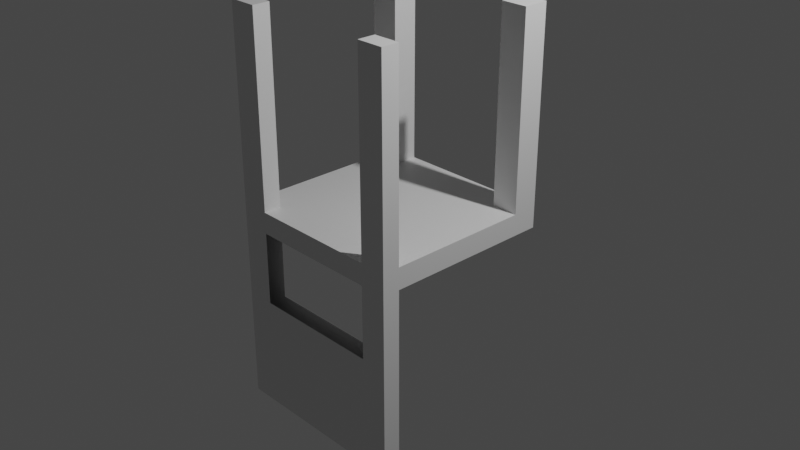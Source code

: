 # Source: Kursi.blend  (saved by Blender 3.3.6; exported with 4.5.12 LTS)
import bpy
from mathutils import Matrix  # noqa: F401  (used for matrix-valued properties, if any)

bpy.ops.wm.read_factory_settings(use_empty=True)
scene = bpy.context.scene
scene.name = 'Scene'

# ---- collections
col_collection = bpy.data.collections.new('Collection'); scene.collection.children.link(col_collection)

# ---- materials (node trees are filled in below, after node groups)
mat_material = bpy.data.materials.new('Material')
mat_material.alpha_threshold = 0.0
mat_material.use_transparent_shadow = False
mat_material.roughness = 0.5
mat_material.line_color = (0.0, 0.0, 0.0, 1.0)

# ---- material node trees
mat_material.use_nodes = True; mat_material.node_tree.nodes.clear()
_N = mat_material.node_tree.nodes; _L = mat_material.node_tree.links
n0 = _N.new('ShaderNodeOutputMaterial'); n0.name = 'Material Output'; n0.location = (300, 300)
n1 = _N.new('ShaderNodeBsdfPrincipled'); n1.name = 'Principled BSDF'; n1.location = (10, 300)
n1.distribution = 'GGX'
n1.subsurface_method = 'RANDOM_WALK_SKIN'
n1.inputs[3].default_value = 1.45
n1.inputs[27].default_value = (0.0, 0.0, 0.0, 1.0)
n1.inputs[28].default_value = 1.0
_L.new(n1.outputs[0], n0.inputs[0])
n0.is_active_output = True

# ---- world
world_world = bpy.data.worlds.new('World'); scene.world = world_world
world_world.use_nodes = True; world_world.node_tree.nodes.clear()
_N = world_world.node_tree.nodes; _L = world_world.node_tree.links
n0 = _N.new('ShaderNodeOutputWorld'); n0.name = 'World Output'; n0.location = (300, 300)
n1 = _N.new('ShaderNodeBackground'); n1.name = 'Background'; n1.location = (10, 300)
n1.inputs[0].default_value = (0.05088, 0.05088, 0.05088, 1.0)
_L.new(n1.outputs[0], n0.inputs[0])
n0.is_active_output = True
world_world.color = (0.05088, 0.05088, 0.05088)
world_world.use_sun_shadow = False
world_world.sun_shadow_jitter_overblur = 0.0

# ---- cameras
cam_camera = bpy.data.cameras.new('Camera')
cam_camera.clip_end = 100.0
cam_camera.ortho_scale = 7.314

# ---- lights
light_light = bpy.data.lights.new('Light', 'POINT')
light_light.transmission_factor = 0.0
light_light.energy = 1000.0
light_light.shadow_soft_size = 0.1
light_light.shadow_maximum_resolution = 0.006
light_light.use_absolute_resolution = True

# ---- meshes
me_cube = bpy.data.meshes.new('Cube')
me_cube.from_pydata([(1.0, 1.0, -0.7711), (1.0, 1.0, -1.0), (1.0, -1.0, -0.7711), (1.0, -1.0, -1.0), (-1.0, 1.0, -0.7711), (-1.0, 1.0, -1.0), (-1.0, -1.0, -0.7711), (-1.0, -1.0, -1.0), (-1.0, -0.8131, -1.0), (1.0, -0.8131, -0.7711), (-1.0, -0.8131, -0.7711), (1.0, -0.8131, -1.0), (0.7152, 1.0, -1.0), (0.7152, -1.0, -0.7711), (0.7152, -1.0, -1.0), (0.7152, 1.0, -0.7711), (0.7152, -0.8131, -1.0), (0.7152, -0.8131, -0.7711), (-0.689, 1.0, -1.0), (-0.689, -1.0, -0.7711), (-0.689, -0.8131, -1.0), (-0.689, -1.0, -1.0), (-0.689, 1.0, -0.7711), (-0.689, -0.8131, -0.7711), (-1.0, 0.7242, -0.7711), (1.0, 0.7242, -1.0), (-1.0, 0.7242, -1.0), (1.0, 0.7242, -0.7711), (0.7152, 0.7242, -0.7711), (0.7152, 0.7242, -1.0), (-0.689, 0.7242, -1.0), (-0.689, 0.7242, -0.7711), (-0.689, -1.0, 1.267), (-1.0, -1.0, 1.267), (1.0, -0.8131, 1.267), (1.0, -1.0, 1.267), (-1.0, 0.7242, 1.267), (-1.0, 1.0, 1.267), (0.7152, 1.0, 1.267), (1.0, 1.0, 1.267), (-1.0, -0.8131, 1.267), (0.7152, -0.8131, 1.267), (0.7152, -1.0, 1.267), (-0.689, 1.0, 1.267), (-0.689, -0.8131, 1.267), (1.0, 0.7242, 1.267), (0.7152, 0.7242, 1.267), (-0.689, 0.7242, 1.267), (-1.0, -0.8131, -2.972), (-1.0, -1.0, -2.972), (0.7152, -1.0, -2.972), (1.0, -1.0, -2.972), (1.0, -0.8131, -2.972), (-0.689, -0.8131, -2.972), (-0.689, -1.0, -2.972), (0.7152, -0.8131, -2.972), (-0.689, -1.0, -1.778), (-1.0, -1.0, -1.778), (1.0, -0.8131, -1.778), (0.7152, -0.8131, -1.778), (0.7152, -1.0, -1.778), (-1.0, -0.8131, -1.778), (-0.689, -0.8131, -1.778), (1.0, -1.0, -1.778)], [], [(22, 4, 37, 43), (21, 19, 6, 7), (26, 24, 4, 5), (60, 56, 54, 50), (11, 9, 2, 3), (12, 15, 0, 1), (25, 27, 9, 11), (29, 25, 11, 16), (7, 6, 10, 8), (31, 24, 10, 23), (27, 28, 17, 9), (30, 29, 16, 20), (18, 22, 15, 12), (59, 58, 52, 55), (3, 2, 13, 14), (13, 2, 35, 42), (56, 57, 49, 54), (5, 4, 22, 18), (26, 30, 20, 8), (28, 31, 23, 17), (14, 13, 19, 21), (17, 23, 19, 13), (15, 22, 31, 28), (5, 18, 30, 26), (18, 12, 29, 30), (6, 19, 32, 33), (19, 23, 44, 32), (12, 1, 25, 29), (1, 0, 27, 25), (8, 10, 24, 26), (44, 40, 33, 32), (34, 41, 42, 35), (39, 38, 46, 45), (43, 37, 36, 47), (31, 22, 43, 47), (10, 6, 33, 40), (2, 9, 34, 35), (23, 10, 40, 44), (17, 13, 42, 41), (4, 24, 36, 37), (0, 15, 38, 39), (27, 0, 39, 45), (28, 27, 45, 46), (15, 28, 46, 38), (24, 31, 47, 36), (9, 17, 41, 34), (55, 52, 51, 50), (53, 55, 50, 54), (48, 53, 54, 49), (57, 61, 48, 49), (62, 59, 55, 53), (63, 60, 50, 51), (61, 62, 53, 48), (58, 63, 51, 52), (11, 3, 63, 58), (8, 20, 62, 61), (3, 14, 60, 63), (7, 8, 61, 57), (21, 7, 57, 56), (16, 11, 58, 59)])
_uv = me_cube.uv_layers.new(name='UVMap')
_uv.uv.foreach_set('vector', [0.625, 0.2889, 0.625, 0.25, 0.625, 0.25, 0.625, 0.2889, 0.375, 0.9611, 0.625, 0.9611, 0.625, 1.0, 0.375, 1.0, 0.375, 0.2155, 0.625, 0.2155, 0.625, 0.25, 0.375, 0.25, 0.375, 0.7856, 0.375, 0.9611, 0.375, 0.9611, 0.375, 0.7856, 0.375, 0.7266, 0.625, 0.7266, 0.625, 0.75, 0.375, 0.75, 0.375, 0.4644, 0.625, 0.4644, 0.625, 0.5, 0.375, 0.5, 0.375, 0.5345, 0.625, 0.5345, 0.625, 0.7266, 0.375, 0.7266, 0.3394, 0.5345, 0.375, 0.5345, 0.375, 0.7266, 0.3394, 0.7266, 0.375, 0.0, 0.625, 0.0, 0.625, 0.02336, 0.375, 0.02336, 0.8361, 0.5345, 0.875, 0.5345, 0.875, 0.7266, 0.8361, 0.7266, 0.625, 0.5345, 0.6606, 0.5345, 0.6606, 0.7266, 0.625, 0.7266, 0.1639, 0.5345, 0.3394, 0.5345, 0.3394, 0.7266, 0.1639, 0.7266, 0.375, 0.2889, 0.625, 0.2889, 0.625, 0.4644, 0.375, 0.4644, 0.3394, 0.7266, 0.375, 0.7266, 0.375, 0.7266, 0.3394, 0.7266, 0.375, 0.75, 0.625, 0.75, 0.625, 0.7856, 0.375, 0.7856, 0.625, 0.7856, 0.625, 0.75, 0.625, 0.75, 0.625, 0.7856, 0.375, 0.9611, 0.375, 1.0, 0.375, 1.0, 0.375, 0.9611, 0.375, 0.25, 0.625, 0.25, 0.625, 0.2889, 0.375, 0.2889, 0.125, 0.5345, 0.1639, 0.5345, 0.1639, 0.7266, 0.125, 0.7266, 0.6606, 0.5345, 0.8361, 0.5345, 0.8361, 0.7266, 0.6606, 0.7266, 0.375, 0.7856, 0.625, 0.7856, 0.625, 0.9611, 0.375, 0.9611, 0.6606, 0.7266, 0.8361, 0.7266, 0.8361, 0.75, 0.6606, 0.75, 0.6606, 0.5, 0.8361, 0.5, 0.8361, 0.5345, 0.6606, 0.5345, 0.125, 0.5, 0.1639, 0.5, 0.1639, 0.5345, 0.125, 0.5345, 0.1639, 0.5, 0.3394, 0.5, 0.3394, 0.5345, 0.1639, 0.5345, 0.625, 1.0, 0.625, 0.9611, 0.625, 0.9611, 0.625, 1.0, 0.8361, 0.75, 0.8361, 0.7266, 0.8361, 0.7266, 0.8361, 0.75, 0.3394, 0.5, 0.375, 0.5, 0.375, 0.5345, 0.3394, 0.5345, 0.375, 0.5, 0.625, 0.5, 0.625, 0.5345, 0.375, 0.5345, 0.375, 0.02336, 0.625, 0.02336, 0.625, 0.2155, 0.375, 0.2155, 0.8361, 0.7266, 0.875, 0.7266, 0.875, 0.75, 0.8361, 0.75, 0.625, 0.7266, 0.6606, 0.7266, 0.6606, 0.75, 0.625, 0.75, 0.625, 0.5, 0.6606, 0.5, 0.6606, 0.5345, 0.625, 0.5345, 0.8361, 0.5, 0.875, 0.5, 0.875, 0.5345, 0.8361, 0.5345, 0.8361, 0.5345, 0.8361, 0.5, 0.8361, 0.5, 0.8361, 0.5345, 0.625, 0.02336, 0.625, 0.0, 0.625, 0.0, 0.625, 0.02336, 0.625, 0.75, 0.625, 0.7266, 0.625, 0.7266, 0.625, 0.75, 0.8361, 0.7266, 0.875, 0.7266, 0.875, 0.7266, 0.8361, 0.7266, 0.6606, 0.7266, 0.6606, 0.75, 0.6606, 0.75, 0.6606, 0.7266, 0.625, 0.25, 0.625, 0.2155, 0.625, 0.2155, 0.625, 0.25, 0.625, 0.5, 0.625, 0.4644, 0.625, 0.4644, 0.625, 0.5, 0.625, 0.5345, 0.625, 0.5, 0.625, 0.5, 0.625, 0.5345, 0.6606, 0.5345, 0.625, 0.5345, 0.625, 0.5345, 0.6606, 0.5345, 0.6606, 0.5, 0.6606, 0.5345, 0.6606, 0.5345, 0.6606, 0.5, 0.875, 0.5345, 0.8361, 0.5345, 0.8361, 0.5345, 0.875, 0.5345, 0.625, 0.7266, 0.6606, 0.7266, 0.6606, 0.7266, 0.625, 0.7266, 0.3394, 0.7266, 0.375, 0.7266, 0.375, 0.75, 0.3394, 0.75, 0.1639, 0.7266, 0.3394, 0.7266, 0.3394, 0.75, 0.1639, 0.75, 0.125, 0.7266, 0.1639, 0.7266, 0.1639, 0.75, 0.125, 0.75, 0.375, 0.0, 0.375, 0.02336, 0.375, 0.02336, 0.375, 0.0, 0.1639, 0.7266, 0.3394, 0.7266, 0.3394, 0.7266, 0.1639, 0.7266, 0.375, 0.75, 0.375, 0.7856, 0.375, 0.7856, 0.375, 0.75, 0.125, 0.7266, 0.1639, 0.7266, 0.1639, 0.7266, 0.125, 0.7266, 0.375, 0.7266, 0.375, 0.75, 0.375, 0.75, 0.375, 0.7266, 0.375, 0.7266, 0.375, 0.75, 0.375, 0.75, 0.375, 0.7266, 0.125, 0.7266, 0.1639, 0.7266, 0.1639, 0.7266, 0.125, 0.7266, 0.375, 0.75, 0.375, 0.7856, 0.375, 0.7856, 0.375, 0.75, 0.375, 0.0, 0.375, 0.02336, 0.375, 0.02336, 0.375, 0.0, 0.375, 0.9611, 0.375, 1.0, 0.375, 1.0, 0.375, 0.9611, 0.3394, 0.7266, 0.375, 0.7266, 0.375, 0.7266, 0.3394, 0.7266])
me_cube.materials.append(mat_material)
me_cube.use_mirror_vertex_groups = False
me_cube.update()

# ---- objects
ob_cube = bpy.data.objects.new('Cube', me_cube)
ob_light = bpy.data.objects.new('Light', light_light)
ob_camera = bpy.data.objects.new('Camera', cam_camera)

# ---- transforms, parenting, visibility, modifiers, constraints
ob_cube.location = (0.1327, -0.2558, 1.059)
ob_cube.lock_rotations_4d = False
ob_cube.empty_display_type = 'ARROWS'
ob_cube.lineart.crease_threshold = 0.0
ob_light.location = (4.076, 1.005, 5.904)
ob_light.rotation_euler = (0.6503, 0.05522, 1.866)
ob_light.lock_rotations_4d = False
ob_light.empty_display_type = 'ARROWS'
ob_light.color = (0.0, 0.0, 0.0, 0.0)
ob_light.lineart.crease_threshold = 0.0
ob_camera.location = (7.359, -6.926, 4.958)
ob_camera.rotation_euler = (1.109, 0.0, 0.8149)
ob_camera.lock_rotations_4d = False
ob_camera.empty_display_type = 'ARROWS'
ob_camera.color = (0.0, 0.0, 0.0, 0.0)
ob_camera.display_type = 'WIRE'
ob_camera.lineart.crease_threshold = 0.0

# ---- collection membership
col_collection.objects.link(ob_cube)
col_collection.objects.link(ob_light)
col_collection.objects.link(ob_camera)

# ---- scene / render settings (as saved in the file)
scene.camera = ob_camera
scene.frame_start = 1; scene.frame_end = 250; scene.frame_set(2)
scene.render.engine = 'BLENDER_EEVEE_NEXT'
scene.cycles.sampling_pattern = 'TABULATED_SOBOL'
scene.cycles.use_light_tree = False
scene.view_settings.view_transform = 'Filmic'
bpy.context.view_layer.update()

▸ Exercise directions
From the line containing "ob_camera.rotation_euler = (1.109, 0.0, 0.8149)" down to the last line of the data above, copy every line exactly; leave out all other lines.

▸ Problem solution
ob_camera.rotation_euler = (1.109, 0.0, 0.8149)
ob_camera.lock_rotations_4d = False
ob_camera.empty_display_type = 'ARROWS'
ob_camera.color = (0.0, 0.0, 0.0, 0.0)
ob_camera.display_type = 'WIRE'
ob_camera.lineart.crease_threshold = 0.0

# ---- collection membership
col_collection.objects.link(ob_cube)
col_collection.objects.link(ob_light)
col_collection.objects.link(ob_camera)

# ---- scene / render settings (as saved in the file)
scene.camera = ob_camera
scene.frame_start = 1; scene.frame_end = 250; scene.frame_set(2)
scene.render.engine = 'BLENDER_EEVEE_NEXT'
scene.cycles.sampling_pattern = 'TABULATED_SOBOL'
scene.cycles.use_light_tree = False
scene.view_settings.view_transform = 'Filmic'
bpy.context.view_layer.update()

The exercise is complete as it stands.